Source data
....................

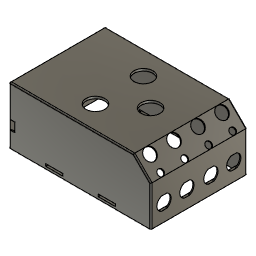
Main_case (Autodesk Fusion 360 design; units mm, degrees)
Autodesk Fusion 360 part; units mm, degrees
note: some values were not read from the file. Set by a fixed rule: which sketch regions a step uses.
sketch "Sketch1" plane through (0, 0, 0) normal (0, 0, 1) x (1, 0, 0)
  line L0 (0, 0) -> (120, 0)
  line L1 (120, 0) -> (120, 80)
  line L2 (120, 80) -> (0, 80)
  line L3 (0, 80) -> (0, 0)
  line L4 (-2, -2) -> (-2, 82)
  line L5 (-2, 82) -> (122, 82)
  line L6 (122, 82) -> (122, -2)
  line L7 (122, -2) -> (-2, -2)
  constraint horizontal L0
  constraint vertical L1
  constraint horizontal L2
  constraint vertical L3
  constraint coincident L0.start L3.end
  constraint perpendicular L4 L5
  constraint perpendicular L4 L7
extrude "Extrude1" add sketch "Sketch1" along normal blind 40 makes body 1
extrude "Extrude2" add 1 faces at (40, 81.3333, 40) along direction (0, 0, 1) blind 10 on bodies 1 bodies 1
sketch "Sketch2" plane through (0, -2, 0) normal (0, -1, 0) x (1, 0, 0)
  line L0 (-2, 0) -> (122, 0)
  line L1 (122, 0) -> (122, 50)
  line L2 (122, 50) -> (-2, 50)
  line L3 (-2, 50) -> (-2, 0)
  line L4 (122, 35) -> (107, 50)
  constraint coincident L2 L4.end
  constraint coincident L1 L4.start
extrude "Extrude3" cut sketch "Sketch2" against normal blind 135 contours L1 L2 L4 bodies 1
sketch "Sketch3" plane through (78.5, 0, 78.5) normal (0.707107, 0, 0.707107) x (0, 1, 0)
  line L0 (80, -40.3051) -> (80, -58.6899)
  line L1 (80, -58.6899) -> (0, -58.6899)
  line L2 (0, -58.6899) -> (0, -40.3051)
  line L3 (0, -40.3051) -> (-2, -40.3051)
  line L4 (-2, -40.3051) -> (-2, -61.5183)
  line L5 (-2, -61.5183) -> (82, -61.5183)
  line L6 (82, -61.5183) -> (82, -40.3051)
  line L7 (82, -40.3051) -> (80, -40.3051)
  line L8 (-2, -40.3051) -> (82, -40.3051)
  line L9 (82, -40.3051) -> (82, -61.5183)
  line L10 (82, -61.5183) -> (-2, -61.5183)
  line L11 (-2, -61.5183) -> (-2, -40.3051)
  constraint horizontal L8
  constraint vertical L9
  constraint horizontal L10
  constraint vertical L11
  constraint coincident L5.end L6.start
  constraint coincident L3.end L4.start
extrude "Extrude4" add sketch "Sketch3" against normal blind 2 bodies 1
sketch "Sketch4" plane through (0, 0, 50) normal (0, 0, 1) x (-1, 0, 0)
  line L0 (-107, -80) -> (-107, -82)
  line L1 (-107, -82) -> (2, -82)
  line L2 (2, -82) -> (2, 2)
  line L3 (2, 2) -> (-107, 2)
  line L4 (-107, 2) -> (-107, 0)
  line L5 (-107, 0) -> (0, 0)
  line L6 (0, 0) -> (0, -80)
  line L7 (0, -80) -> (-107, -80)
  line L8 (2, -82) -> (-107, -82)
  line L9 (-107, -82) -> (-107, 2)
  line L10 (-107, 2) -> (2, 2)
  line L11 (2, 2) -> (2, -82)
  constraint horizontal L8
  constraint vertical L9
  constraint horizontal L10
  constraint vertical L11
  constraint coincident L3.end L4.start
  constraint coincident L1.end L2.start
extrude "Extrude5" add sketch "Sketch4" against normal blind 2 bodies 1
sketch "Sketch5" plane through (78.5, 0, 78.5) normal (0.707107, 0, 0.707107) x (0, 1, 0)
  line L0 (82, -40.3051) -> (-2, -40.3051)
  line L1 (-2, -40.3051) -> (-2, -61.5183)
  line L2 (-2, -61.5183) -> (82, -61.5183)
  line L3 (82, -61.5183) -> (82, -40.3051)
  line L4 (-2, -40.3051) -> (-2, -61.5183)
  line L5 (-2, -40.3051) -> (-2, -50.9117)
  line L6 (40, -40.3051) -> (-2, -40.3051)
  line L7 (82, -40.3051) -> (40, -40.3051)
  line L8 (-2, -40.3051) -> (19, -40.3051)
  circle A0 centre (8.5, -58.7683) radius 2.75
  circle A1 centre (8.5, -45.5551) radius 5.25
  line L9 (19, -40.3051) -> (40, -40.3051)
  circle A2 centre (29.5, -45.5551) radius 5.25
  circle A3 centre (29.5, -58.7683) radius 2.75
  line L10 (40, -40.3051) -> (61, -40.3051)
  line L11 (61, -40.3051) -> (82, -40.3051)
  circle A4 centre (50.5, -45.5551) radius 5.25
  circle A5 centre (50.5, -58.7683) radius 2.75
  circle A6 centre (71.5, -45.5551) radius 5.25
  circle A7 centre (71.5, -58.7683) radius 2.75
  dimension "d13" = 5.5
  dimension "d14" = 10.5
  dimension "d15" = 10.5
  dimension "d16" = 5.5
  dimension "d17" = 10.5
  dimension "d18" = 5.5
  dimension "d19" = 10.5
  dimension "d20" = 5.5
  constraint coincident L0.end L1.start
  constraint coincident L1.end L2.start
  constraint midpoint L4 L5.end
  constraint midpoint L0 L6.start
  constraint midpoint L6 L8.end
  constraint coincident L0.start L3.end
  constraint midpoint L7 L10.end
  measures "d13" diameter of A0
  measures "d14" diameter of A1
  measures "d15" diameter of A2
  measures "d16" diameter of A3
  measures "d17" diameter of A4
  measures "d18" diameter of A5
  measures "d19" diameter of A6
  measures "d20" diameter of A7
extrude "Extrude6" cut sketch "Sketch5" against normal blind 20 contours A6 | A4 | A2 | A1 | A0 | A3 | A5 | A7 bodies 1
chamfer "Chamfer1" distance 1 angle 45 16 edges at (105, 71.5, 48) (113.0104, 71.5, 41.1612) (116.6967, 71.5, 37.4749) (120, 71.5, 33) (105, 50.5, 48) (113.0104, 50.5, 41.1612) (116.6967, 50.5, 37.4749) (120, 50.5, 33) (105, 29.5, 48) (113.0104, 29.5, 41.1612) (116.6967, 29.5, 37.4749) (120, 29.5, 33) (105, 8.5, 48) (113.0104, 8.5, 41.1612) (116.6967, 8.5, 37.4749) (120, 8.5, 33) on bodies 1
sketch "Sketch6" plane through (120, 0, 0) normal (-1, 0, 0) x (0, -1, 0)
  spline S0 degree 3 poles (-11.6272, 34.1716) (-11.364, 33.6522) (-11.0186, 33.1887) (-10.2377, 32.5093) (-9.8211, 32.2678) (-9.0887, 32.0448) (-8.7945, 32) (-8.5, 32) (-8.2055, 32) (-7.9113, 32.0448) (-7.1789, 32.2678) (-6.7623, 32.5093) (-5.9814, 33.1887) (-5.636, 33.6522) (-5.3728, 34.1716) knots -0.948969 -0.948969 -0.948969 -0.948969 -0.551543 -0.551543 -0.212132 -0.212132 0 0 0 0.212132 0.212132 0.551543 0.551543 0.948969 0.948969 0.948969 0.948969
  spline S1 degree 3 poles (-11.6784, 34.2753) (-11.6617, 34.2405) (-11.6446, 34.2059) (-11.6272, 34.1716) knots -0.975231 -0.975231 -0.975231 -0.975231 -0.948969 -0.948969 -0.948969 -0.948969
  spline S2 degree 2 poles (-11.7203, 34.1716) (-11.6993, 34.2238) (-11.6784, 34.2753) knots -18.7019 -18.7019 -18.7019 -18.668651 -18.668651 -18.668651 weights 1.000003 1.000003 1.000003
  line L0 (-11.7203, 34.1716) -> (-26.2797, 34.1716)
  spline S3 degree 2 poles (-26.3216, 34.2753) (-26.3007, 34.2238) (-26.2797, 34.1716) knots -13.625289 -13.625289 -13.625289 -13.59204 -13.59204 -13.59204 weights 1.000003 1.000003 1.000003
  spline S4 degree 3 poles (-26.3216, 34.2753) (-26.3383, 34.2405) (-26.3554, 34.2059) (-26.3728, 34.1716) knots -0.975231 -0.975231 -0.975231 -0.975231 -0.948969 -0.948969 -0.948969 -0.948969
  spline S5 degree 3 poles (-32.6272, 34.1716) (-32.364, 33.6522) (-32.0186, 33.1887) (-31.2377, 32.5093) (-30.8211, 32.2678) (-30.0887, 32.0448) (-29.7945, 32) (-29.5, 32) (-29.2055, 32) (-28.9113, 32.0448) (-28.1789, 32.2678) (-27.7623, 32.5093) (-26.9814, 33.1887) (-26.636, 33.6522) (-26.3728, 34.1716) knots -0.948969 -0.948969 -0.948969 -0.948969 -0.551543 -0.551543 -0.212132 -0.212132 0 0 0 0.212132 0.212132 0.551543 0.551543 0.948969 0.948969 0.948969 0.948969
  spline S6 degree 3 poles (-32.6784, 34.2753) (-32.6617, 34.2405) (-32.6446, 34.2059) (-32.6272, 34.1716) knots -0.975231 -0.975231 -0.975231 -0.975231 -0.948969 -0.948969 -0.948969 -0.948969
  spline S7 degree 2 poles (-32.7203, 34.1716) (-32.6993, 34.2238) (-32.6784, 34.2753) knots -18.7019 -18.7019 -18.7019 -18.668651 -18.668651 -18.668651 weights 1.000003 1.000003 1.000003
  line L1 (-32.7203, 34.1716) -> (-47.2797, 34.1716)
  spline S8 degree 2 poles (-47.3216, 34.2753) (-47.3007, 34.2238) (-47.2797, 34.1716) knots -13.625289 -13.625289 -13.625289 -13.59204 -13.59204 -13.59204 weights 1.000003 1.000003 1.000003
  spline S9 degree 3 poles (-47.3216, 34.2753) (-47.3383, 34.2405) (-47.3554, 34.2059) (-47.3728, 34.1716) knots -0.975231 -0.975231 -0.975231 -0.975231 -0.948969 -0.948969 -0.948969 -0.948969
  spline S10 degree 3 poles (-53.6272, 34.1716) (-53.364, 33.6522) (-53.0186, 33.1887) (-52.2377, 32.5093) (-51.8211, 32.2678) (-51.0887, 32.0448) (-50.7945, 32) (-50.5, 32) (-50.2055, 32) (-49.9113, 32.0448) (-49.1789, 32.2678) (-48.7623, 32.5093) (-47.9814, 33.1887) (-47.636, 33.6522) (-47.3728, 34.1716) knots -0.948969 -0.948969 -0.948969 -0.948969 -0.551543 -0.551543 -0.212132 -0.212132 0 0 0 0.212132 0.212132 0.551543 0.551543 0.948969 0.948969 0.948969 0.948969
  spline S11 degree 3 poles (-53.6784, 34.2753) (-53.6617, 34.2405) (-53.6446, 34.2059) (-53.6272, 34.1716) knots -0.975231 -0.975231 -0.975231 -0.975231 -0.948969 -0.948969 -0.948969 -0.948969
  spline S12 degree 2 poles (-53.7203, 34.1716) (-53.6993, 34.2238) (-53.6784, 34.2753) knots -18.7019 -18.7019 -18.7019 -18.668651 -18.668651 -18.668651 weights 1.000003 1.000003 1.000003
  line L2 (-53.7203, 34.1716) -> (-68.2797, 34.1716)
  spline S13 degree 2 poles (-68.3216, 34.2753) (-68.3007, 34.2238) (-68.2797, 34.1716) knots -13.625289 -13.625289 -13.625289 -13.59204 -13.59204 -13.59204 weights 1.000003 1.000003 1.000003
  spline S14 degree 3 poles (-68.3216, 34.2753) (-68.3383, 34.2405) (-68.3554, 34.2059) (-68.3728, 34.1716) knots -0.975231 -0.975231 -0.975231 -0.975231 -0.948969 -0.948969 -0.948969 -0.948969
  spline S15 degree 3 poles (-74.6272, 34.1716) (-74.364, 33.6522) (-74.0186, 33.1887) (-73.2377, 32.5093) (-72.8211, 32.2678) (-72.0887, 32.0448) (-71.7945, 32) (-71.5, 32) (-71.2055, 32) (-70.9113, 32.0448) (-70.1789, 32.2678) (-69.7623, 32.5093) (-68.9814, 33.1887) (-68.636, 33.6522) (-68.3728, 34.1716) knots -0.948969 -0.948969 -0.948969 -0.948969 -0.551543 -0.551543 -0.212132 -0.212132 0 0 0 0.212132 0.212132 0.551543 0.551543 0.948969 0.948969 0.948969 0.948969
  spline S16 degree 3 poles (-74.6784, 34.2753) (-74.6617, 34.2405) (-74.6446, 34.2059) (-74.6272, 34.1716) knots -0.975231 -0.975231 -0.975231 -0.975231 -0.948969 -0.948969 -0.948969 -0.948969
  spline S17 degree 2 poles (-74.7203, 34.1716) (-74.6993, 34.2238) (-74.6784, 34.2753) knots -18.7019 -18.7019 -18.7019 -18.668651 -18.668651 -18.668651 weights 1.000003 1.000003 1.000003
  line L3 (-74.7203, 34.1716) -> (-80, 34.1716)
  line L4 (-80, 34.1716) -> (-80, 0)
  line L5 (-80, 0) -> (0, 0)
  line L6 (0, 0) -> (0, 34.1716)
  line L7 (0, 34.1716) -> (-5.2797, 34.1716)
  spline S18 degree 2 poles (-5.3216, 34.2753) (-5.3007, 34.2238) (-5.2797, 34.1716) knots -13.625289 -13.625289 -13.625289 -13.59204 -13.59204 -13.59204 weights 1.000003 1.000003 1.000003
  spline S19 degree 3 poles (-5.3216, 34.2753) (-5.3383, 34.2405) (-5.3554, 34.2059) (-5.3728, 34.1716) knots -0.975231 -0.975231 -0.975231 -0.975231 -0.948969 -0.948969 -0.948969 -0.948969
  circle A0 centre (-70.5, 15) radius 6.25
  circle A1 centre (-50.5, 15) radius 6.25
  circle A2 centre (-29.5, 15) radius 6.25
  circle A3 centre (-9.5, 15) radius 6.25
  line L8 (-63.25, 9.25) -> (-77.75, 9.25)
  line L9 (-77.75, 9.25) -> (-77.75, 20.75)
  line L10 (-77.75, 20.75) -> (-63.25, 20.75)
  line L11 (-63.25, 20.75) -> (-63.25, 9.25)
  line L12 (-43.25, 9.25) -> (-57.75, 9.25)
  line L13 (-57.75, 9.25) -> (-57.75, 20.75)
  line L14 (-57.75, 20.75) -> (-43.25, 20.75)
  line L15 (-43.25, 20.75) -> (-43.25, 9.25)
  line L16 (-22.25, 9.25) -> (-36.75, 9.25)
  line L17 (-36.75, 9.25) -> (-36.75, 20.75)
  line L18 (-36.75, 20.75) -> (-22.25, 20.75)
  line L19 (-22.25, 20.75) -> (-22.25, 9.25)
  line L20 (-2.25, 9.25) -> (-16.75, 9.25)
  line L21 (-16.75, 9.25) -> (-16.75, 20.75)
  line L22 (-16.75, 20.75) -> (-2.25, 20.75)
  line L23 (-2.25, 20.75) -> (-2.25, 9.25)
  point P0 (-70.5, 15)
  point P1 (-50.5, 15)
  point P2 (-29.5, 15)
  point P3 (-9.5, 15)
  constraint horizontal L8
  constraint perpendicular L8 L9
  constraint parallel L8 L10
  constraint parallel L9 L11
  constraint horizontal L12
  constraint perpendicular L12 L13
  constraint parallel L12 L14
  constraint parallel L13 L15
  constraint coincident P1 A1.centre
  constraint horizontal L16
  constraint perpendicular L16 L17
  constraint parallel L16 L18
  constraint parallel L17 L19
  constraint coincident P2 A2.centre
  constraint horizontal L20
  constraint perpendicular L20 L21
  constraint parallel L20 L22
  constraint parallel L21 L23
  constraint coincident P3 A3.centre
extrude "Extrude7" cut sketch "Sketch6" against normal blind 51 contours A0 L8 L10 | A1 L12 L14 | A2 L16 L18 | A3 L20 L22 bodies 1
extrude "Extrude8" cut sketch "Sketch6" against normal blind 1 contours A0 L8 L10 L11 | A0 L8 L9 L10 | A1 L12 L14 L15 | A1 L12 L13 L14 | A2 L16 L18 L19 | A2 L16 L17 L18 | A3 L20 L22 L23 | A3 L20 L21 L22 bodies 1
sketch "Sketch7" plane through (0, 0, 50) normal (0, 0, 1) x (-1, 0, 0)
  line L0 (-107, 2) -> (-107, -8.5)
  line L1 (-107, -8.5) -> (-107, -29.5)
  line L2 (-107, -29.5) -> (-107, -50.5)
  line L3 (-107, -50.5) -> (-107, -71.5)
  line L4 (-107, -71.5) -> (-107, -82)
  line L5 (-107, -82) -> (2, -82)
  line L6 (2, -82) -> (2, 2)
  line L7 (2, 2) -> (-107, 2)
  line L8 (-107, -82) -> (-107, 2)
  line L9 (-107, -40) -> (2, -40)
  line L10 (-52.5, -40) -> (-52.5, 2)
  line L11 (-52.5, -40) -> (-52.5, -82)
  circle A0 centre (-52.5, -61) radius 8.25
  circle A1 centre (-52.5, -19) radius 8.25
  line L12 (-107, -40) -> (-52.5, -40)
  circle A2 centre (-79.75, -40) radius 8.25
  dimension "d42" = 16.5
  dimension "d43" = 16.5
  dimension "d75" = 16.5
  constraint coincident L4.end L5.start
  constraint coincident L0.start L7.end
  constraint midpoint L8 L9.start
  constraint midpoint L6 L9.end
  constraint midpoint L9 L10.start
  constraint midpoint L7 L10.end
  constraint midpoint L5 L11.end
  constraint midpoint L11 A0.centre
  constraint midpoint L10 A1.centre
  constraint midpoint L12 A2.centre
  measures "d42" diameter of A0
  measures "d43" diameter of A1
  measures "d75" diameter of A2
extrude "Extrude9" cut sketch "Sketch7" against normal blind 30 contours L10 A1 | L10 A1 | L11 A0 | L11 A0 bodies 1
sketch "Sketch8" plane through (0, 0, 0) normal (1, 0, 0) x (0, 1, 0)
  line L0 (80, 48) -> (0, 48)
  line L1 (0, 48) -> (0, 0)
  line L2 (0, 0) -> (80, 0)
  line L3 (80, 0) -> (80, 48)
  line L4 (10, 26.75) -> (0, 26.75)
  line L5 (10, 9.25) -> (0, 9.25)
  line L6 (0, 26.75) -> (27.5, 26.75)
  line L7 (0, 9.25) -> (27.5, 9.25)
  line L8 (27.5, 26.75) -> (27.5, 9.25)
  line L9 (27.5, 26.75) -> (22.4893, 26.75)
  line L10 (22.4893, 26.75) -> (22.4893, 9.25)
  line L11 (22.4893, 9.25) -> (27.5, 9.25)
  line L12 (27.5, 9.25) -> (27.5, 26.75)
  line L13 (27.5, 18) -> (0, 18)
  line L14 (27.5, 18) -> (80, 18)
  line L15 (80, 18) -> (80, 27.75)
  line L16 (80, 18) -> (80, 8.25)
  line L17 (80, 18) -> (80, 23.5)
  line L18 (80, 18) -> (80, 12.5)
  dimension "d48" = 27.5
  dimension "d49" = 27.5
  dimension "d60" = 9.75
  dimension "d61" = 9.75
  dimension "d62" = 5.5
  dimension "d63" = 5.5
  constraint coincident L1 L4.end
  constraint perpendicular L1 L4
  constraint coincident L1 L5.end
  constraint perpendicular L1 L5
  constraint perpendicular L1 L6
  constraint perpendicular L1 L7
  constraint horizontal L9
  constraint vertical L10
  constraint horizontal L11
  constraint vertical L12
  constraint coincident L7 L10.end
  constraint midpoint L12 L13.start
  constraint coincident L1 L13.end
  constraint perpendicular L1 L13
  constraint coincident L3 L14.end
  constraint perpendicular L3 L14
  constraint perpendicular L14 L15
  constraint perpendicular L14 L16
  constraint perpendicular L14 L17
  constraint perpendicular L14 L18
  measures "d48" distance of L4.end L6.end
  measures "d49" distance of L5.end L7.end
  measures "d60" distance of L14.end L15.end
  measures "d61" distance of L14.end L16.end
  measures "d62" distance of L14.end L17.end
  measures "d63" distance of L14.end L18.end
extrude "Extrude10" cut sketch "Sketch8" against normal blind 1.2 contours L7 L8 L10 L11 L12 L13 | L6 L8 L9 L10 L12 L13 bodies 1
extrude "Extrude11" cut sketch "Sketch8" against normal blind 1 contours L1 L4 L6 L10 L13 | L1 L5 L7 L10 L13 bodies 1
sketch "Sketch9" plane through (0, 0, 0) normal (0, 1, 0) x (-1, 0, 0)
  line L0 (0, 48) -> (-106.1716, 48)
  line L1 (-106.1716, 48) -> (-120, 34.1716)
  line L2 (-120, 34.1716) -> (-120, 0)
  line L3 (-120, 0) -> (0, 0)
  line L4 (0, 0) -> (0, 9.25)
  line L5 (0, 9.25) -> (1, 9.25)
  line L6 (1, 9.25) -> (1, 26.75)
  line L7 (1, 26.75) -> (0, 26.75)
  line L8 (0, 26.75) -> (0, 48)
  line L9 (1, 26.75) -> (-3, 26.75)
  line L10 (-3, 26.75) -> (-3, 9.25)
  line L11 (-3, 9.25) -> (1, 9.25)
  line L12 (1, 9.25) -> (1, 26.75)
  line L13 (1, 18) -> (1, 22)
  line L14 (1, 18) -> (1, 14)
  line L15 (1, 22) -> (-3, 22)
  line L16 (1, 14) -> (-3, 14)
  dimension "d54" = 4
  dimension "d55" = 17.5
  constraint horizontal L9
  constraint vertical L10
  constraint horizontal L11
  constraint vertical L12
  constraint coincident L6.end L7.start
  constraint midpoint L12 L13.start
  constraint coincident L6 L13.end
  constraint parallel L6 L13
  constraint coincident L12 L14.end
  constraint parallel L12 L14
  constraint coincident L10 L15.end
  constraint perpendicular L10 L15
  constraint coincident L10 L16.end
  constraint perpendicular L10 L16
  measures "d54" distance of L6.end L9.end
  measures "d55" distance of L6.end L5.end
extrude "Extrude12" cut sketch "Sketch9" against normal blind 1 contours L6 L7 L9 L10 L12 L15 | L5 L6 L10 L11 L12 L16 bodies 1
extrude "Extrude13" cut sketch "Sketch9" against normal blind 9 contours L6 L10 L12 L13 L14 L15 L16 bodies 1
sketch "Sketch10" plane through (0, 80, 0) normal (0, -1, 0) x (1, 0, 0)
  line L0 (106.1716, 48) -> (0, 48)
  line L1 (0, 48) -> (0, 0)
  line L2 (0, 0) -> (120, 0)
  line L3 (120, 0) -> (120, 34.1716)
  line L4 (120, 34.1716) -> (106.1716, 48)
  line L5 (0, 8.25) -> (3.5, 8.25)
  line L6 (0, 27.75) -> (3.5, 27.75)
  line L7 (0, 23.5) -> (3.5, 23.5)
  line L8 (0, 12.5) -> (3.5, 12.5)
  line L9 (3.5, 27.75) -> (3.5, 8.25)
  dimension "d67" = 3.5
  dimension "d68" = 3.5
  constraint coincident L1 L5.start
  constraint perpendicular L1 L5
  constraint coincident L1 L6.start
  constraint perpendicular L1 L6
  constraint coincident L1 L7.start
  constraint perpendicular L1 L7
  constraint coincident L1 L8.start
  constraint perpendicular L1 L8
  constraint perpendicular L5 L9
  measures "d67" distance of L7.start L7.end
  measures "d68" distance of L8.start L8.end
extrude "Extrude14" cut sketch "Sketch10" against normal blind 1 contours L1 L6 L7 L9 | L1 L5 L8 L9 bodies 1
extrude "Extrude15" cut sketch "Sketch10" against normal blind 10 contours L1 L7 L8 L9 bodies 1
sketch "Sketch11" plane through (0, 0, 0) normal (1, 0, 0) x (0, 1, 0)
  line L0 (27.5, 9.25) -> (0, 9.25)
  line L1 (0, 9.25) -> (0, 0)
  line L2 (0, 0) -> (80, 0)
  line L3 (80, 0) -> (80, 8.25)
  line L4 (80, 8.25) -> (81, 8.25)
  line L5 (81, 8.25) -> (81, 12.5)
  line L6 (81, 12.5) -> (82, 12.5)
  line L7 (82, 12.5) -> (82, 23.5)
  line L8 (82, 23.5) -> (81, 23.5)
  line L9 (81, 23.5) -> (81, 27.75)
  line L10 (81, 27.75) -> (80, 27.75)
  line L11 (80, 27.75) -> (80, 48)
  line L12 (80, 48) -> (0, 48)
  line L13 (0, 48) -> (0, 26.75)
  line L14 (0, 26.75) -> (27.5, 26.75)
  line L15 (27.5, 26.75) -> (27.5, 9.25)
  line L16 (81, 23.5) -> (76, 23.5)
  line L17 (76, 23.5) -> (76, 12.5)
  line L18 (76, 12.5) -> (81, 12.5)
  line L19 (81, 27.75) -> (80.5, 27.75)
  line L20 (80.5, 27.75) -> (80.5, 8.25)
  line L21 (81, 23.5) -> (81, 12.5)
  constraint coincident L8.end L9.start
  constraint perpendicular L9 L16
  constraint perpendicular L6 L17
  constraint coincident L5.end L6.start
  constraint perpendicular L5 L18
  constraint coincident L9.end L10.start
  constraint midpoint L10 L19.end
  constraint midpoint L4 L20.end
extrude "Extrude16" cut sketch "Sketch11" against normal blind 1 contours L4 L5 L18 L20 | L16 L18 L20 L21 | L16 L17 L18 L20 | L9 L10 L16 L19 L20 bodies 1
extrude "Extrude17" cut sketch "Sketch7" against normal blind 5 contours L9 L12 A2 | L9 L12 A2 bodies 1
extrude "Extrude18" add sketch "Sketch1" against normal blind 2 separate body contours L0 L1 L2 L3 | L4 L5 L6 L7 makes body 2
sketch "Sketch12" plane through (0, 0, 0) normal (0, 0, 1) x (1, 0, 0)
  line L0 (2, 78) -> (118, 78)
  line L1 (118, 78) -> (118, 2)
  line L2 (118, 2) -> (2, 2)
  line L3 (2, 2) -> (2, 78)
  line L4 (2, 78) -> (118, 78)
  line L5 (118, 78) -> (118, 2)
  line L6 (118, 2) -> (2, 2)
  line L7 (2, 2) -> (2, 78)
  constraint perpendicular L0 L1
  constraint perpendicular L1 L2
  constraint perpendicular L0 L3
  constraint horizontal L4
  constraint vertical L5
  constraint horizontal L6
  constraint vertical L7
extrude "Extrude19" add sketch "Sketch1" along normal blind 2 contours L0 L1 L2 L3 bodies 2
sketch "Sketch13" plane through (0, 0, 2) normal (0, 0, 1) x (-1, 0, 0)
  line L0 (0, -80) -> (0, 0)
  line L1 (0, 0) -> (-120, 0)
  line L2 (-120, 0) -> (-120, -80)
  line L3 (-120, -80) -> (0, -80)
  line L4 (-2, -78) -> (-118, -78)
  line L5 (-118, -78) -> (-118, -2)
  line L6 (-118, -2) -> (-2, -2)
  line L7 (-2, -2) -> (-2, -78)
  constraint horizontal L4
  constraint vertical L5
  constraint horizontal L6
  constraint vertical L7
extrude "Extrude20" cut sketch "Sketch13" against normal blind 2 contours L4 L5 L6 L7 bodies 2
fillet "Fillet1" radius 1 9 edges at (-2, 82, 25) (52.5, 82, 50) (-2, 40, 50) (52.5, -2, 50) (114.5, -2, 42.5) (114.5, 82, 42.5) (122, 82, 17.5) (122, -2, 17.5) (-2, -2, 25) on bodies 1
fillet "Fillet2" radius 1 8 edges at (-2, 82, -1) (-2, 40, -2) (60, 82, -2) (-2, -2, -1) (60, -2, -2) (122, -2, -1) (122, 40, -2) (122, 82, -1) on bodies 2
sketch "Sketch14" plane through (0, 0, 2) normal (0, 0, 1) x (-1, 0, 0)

....................

■ WHAT THIS TASK INVOLVES ■
The lines above from the one with "line L21 (-16.75, 9.25) -> (-16.75, 20.75)" through the one with "L20 L22 bodies 1" are to be duplicated exactly, ends included, with nothing added.

■ THE COMPLETED TASK ■
  line L21 (-16.75, 9.25) -> (-16.75, 20.75)
  line L22 (-16.75, 20.75) -> (-2.25, 20.75)
  line L23 (-2.25, 20.75) -> (-2.25, 9.25)
  point P0 (-70.5, 15)
  point P1 (-50.5, 15)
  point P2 (-29.5, 15)
  point P3 (-9.5, 15)
  constraint horizontal L8
  constraint perpendicular L8 L9
  constraint parallel L8 L10
  constraint parallel L9 L11
  constraint horizontal L12
  constraint perpendicular L12 L13
  constraint parallel L12 L14
  constraint parallel L13 L15
  constraint coincident P1 A1.centre
  constraint horizontal L16
  constraint perpendicular L16 L17
  constraint parallel L16 L18
  constraint parallel L17 L19
  constraint coincident P2 A2.centre
  constraint horizontal L20
  constraint perpendicular L20 L21
  constraint parallel L20 L22
  constraint parallel L21 L23
  constraint coincident P3 A3.centre
extrude "Extrude7" cut sketch "Sketch6" against normal blind 51 contours A0 L8 L10 | A1 L12 L14 | A2 L16 L18 | A3 L20 L22 bodies 1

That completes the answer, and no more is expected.